> Work instruction: Without the pictures, copy all the entries below exactly.

> The records:
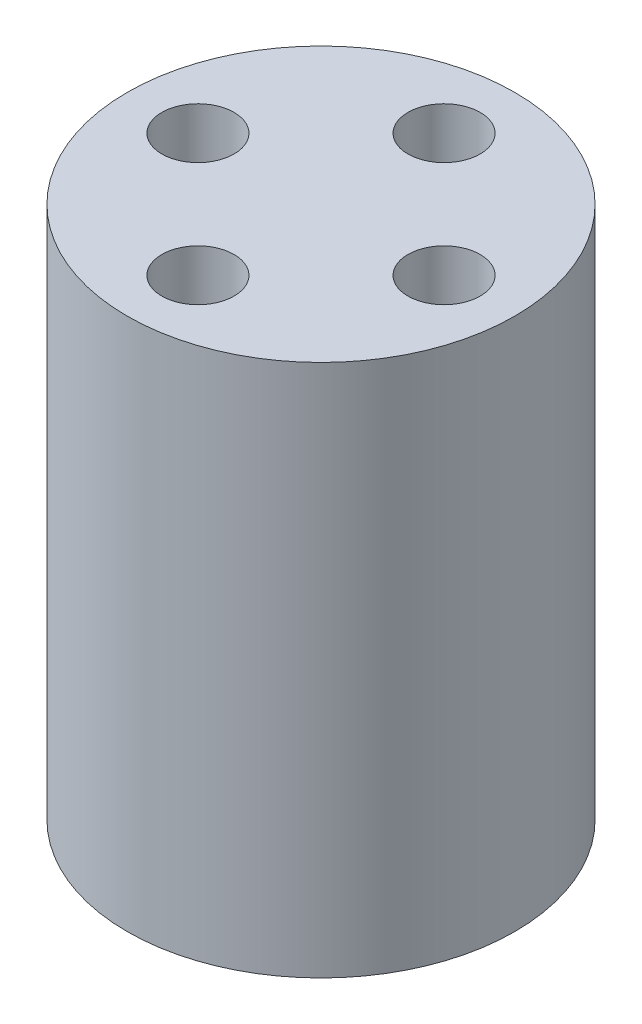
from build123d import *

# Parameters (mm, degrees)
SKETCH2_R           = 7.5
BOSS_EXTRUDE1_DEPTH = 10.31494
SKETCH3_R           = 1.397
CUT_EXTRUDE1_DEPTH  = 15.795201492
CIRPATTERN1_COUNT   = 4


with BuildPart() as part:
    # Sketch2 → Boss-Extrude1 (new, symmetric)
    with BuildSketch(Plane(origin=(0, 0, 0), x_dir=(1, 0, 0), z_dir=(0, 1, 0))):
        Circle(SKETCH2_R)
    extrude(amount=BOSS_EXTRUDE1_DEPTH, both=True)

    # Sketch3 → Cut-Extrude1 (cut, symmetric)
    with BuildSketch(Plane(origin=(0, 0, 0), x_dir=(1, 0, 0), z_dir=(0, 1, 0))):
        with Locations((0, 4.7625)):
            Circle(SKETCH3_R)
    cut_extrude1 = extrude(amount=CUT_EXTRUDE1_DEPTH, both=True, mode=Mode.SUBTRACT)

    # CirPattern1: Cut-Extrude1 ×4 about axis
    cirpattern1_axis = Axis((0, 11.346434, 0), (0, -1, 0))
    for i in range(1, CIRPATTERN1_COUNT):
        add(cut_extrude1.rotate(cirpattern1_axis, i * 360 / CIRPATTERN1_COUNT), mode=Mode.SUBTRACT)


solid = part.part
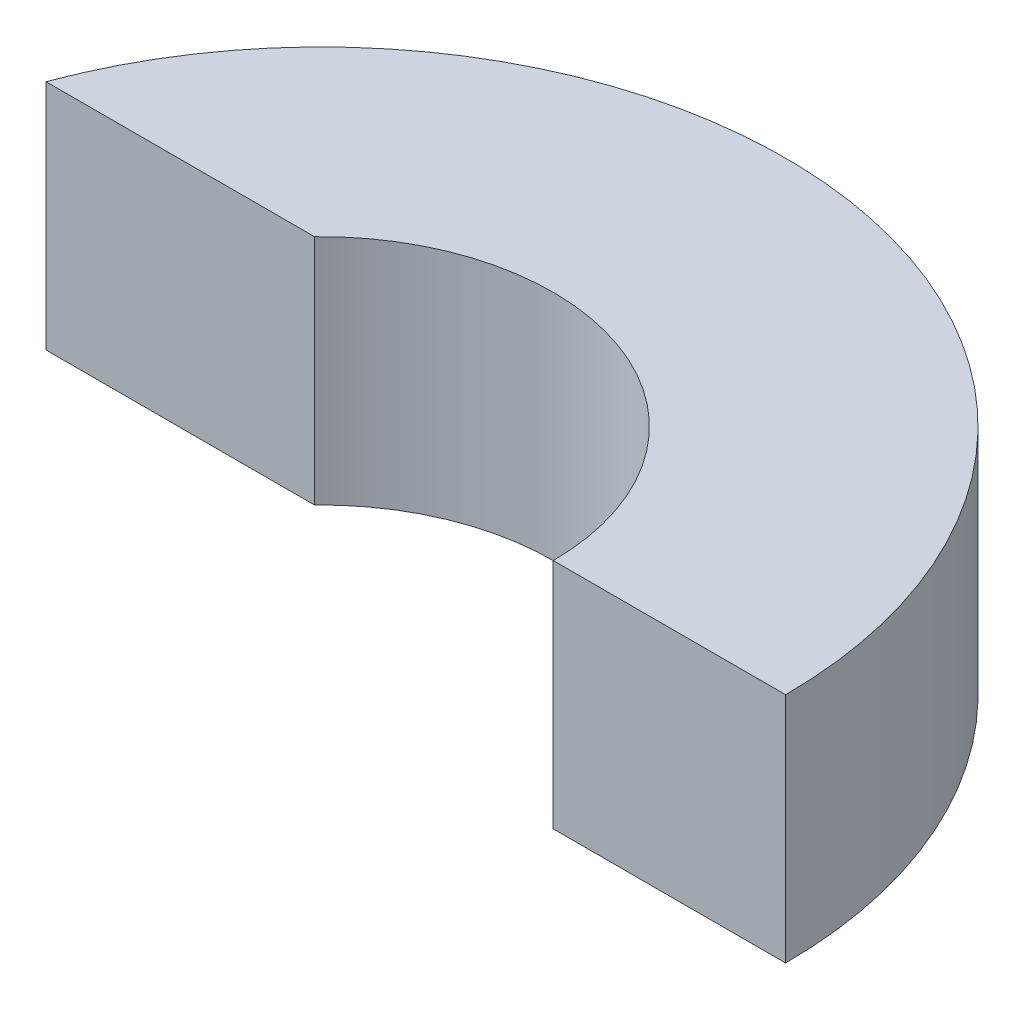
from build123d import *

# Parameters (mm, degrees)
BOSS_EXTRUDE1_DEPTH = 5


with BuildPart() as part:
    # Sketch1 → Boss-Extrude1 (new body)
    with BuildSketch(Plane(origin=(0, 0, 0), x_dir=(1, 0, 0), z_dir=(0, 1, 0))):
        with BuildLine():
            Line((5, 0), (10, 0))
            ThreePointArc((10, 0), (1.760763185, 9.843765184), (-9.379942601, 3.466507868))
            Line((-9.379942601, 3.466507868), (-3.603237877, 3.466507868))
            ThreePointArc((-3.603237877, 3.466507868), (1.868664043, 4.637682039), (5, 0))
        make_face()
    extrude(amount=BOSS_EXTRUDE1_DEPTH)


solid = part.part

> Your response:
from build123d import *

# Parameters (mm, degrees)
SKETCH2_R           = 7.5
BOSS_EXTRUDE1_DEPTH = 10.31494
SKETCH3_R           = 1.397
CUT_EXTRUDE1_DEPTH  = 15.795201492
CIRPATTERN1_COUNT   = 4


with BuildPart() as part:
    # Sketch2 → Boss-Extrude1 (new, symmetric)
    with BuildSketch(Plane(origin=(0, 0, 0), x_dir=(1, 0, 0), z_dir=(0, 1, 0))):
        Circle(SKETCH2_R)
    extrude(amount=BOSS_EXTRUDE1_DEPTH, both=True)

    # Sketch3 → Cut-Extrude1 (cut, symmetric)
    with BuildSketch(Plane(origin=(0, 0, 0), x_dir=(1, 0, 0), z_dir=(0, 1, 0))):
        with Locations((0, 4.7625)):
            Circle(SKETCH3_R)
    cut_extrude1 = extrude(amount=CUT_EXTRUDE1_DEPTH, both=True, mode=Mode.SUBTRACT)

    # CirPattern1: Cut-Extrude1 ×4 about axis
    cirpattern1_axis = Axis((0, 11.346434, 0), (0, -1, 0))
    for i in range(1, CIRPATTERN1_COUNT):
        add(cut_extrude1.rotate(cirpattern1_axis, i * 360 / CIRPATTERN1_COUNT), mode=Mode.SUBTRACT)


solid = part.part
from build123d import *

# Parameters (mm, degrees)
BOSS_EXTRUDE1_DEPTH = 5


with BuildPart() as part:
    # Sketch1 → Boss-Extrude1 (new body)
    with BuildSketch(Plane(origin=(0, 0, 0), x_dir=(1, 0, 0), z_dir=(0, 1, 0))):
        with BuildLine():
            Line((5, 0), (10, 0))
            ThreePointArc((10, 0), (1.760763185, 9.843765184), (-9.379942601, 3.466507868))
            Line((-9.379942601, 3.466507868), (-3.603237877, 3.466507868))
            ThreePointArc((-3.603237877, 3.466507868), (1.868664043, 4.637682039), (5, 0))
        make_face()
    extrude(amount=BOSS_EXTRUDE1_DEPTH)


solid = part.part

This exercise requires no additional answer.